» **EXERCISE PROMPT**: Go through the entries one line at a time, and gather every line that has the word "ellipse".

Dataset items

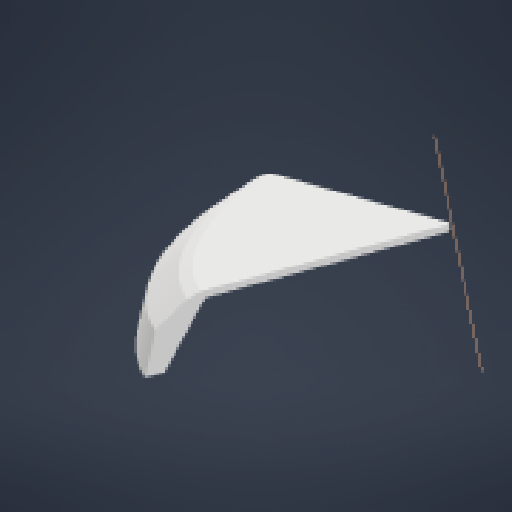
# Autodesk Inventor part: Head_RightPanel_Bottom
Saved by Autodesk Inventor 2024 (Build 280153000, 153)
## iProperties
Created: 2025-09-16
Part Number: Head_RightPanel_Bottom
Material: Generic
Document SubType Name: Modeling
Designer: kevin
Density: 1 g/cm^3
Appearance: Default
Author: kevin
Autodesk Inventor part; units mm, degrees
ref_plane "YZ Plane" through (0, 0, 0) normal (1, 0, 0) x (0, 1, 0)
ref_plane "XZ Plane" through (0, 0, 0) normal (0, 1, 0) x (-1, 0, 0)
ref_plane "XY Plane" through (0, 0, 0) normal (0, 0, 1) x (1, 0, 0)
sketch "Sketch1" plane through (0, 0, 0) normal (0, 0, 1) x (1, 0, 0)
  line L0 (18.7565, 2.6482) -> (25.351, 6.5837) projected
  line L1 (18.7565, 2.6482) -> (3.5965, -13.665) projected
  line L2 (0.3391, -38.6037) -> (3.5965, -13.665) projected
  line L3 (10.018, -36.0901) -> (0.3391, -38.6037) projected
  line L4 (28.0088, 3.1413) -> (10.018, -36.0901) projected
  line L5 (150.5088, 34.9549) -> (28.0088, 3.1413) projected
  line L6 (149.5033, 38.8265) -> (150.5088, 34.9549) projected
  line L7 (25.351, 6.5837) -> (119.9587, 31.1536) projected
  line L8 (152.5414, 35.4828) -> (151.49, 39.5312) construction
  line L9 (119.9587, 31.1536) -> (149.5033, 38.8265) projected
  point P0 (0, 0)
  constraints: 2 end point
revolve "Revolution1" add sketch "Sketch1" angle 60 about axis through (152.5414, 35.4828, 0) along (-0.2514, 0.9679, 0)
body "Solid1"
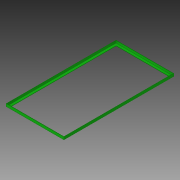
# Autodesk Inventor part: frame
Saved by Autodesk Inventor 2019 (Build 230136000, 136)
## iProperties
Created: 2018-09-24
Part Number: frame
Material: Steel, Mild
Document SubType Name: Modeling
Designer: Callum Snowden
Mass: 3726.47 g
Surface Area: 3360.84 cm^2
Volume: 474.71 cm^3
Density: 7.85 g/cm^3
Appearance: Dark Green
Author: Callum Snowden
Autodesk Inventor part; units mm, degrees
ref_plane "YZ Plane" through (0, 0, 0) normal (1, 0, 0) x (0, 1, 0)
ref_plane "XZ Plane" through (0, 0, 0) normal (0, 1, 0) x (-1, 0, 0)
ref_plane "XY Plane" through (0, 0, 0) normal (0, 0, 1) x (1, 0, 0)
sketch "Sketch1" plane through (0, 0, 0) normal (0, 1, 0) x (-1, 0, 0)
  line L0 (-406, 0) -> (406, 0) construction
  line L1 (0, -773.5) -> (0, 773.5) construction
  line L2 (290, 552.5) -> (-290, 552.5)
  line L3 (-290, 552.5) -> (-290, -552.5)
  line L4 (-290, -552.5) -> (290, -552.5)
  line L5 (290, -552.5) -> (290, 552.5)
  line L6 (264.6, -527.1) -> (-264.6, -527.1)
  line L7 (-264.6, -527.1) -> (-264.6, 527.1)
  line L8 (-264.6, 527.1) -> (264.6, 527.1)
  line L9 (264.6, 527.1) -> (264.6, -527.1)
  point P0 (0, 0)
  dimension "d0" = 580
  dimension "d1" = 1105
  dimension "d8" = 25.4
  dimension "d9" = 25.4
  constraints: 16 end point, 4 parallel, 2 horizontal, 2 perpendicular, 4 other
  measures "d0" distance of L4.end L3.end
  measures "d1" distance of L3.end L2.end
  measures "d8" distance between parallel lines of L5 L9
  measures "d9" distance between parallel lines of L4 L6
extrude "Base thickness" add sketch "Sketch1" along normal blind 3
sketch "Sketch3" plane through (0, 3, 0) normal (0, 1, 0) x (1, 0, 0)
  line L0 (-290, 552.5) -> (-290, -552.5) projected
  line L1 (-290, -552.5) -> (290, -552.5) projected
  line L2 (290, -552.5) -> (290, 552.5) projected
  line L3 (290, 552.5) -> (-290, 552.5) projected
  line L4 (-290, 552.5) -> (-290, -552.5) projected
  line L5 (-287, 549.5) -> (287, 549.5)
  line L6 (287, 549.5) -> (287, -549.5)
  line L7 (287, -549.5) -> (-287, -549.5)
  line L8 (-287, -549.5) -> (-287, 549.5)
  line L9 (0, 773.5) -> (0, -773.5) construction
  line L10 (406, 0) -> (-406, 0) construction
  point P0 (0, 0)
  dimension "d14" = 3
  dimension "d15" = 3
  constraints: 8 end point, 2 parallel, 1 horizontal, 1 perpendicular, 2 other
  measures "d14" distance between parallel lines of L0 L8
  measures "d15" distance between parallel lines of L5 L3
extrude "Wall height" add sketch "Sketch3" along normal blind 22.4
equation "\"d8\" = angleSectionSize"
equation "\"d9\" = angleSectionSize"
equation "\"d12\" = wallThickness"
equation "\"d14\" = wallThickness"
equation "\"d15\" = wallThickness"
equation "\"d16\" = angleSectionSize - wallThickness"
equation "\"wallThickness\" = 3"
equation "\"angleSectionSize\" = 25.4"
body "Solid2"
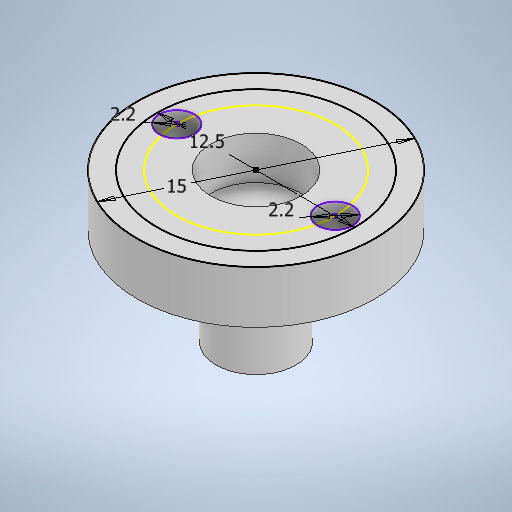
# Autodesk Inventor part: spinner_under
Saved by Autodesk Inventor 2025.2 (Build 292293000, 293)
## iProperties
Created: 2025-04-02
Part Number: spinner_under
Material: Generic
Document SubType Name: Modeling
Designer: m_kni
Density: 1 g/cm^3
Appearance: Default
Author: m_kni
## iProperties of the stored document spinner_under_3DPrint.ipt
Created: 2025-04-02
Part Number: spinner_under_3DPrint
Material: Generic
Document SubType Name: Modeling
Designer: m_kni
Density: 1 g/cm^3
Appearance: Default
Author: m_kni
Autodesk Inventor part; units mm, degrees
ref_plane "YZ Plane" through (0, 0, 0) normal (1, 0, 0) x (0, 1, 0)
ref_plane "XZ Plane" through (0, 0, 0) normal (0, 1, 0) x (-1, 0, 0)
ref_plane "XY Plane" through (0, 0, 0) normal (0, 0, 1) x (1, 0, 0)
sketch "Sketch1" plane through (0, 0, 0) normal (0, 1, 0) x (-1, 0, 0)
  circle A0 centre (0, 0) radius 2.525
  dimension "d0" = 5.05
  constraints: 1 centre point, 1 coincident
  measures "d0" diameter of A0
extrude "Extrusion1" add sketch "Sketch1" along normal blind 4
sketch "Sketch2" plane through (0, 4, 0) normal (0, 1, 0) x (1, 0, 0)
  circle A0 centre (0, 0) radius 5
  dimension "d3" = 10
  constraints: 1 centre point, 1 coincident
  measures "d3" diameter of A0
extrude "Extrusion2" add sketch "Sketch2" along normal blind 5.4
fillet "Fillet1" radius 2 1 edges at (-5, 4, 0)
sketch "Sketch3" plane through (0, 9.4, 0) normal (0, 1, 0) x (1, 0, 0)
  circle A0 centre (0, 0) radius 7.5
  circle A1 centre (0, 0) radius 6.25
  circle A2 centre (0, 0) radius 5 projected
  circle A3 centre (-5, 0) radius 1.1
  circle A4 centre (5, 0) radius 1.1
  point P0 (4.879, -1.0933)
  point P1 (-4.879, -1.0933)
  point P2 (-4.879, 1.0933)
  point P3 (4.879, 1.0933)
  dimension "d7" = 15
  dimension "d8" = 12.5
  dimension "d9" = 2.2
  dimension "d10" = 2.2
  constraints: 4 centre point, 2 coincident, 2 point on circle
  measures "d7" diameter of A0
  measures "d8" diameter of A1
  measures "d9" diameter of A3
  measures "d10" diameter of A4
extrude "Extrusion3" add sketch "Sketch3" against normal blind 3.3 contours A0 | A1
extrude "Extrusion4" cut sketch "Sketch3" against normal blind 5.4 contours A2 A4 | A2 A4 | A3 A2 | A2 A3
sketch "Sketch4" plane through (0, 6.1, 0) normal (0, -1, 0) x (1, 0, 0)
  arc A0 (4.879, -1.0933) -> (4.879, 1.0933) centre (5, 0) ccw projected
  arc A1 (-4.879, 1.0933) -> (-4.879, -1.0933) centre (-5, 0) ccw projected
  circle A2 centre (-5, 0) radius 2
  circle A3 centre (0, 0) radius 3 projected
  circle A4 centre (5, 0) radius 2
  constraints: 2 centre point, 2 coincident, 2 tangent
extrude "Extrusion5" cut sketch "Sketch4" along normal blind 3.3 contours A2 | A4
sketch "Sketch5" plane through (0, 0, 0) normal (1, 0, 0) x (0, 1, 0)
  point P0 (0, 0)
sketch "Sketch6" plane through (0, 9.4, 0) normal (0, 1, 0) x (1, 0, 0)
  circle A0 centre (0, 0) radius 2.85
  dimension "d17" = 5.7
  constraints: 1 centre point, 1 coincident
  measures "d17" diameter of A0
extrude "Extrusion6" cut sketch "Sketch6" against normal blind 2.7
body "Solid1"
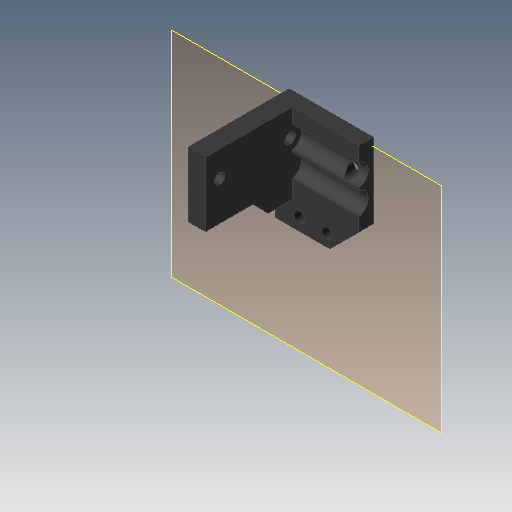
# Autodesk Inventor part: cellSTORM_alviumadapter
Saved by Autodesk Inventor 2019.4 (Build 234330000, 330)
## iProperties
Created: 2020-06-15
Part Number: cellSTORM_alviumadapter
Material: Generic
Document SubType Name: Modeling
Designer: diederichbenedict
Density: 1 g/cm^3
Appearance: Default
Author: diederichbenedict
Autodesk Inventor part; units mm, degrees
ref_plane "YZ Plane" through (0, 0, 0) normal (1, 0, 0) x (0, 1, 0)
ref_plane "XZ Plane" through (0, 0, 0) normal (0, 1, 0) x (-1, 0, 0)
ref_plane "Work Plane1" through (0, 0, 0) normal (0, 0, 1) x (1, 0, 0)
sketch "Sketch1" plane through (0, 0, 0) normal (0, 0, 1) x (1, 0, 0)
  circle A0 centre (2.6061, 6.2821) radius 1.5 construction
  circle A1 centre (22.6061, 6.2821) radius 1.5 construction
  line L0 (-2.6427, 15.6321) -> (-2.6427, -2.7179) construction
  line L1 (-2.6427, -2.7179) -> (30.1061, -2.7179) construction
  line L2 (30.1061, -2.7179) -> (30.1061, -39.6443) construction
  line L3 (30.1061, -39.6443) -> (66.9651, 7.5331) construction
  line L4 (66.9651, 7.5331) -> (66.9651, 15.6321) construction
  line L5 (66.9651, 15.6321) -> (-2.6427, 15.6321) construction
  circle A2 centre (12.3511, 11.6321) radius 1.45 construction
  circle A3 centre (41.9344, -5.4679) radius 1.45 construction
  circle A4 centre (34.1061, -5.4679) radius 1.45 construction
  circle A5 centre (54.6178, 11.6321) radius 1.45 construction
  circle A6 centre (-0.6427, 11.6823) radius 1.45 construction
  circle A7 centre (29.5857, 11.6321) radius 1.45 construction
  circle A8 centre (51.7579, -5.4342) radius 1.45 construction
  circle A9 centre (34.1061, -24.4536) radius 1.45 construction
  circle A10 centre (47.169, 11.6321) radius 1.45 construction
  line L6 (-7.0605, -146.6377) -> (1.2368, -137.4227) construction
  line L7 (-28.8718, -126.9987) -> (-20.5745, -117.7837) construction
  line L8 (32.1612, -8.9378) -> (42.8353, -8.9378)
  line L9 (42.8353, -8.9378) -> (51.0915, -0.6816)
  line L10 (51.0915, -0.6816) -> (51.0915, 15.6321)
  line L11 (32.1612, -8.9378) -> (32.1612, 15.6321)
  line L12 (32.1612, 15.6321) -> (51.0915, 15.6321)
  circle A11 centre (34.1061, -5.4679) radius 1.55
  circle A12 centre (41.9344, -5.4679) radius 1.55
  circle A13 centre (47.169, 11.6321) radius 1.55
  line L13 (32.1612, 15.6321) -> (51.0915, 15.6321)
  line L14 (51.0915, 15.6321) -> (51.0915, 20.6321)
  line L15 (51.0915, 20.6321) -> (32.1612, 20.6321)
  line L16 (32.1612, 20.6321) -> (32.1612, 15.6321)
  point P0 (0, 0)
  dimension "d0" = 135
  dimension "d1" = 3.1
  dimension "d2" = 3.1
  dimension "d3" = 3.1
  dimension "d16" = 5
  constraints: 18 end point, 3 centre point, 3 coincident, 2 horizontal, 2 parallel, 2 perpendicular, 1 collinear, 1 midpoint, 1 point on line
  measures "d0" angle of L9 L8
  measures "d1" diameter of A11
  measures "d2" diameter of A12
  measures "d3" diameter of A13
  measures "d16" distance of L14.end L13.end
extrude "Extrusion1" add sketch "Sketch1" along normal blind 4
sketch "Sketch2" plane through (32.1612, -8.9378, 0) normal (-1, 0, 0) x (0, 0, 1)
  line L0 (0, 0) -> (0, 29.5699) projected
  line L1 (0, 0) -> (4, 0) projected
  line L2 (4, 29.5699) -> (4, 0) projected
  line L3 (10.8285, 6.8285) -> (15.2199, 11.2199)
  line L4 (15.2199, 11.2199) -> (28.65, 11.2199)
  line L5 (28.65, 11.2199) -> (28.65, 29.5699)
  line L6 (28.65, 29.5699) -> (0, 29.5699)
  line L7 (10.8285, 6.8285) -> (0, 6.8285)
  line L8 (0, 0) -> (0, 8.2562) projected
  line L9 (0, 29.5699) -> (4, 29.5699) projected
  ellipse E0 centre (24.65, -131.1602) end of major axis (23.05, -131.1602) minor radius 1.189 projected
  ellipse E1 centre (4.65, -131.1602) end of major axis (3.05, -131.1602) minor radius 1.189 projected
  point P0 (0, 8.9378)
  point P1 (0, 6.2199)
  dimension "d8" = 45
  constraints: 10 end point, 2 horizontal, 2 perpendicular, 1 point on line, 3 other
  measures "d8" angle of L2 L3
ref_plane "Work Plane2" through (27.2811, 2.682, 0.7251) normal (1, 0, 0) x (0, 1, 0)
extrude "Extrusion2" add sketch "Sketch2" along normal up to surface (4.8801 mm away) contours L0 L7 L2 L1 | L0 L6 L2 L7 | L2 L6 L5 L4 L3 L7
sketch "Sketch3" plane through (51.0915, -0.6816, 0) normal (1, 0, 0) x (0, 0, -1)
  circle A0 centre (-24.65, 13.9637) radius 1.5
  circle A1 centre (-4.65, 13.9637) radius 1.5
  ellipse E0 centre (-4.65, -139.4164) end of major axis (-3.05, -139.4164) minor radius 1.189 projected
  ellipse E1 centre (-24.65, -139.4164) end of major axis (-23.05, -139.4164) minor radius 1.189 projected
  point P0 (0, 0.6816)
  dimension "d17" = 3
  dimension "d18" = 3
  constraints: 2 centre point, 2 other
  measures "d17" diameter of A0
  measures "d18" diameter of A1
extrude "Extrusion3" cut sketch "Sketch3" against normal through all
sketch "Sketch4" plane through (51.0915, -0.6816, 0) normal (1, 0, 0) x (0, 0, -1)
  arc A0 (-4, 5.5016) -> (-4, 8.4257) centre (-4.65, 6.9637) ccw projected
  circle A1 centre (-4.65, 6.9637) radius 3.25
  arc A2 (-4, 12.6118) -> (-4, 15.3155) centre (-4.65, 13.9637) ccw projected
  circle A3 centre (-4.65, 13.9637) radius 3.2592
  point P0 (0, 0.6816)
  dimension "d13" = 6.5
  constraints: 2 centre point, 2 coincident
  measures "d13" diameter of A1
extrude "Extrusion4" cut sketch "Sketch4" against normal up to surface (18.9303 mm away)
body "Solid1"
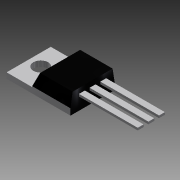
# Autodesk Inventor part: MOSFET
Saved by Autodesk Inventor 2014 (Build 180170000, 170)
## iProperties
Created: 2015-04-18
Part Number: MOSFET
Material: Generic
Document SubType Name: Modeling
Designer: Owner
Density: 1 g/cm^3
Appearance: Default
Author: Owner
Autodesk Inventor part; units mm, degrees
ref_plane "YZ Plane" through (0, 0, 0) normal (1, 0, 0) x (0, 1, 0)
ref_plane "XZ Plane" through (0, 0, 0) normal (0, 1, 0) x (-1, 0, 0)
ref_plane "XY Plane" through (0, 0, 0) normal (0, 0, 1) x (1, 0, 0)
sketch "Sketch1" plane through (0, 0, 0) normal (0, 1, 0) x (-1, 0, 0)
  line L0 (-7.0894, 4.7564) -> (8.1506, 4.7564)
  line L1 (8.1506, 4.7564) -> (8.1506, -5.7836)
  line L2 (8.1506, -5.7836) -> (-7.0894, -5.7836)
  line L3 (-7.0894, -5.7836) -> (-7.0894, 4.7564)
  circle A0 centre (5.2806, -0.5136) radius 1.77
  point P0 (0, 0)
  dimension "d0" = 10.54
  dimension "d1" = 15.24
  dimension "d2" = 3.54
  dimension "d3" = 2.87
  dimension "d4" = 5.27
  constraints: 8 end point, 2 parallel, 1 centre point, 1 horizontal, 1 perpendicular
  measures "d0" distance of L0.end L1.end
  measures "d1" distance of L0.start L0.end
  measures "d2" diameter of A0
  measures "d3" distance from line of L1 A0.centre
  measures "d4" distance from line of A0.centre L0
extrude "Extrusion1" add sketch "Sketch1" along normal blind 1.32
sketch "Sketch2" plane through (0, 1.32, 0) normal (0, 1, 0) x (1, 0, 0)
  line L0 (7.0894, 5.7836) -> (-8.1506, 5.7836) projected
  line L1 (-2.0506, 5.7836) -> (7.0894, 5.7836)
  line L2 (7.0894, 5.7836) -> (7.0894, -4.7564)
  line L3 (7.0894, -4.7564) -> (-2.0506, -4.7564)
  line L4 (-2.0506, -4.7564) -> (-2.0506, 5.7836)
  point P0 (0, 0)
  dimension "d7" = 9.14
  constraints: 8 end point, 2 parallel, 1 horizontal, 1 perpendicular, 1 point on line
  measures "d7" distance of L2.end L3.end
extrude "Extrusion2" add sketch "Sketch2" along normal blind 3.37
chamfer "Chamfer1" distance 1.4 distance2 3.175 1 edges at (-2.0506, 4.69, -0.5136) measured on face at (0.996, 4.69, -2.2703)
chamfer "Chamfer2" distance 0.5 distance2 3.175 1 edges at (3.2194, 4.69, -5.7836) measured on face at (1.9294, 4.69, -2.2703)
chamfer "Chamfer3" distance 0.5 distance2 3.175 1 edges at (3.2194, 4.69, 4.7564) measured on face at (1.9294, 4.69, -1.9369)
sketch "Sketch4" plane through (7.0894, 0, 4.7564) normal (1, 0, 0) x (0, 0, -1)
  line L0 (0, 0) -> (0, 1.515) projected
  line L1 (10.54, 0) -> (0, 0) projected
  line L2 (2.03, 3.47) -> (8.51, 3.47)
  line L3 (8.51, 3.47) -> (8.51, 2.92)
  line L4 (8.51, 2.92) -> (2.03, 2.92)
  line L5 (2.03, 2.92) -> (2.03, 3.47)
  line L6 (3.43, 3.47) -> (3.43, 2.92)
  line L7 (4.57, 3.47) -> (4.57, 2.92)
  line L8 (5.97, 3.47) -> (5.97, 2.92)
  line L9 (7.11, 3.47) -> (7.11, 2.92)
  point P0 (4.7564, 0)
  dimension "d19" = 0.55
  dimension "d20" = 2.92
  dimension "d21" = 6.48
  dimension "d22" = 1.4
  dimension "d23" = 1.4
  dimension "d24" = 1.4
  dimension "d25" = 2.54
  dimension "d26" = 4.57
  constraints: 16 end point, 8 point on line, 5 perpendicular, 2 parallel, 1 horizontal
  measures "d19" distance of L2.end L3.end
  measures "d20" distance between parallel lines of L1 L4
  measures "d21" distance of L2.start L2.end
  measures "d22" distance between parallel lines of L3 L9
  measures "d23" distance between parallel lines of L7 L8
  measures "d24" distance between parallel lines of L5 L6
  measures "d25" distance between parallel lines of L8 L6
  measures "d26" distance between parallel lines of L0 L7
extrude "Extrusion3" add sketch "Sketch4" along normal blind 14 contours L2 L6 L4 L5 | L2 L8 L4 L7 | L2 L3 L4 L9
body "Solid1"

» **SOLUTION FOR THIS PROBLEM**:
  ellipse E0 centre (24.65, -131.1602) end of major axis (23.05, -131.1602) minor radius 1.189 projected
  ellipse E1 centre (4.65, -131.1602) end of major axis (3.05, -131.1602) minor radius 1.189 projected
  ellipse E0 centre (-4.65, -139.4164) end of major axis (-3.05, -139.4164) minor radius 1.189 projected
  ellipse E1 centre (-24.65, -139.4164) end of major axis (-23.05, -139.4164) minor radius 1.189 projected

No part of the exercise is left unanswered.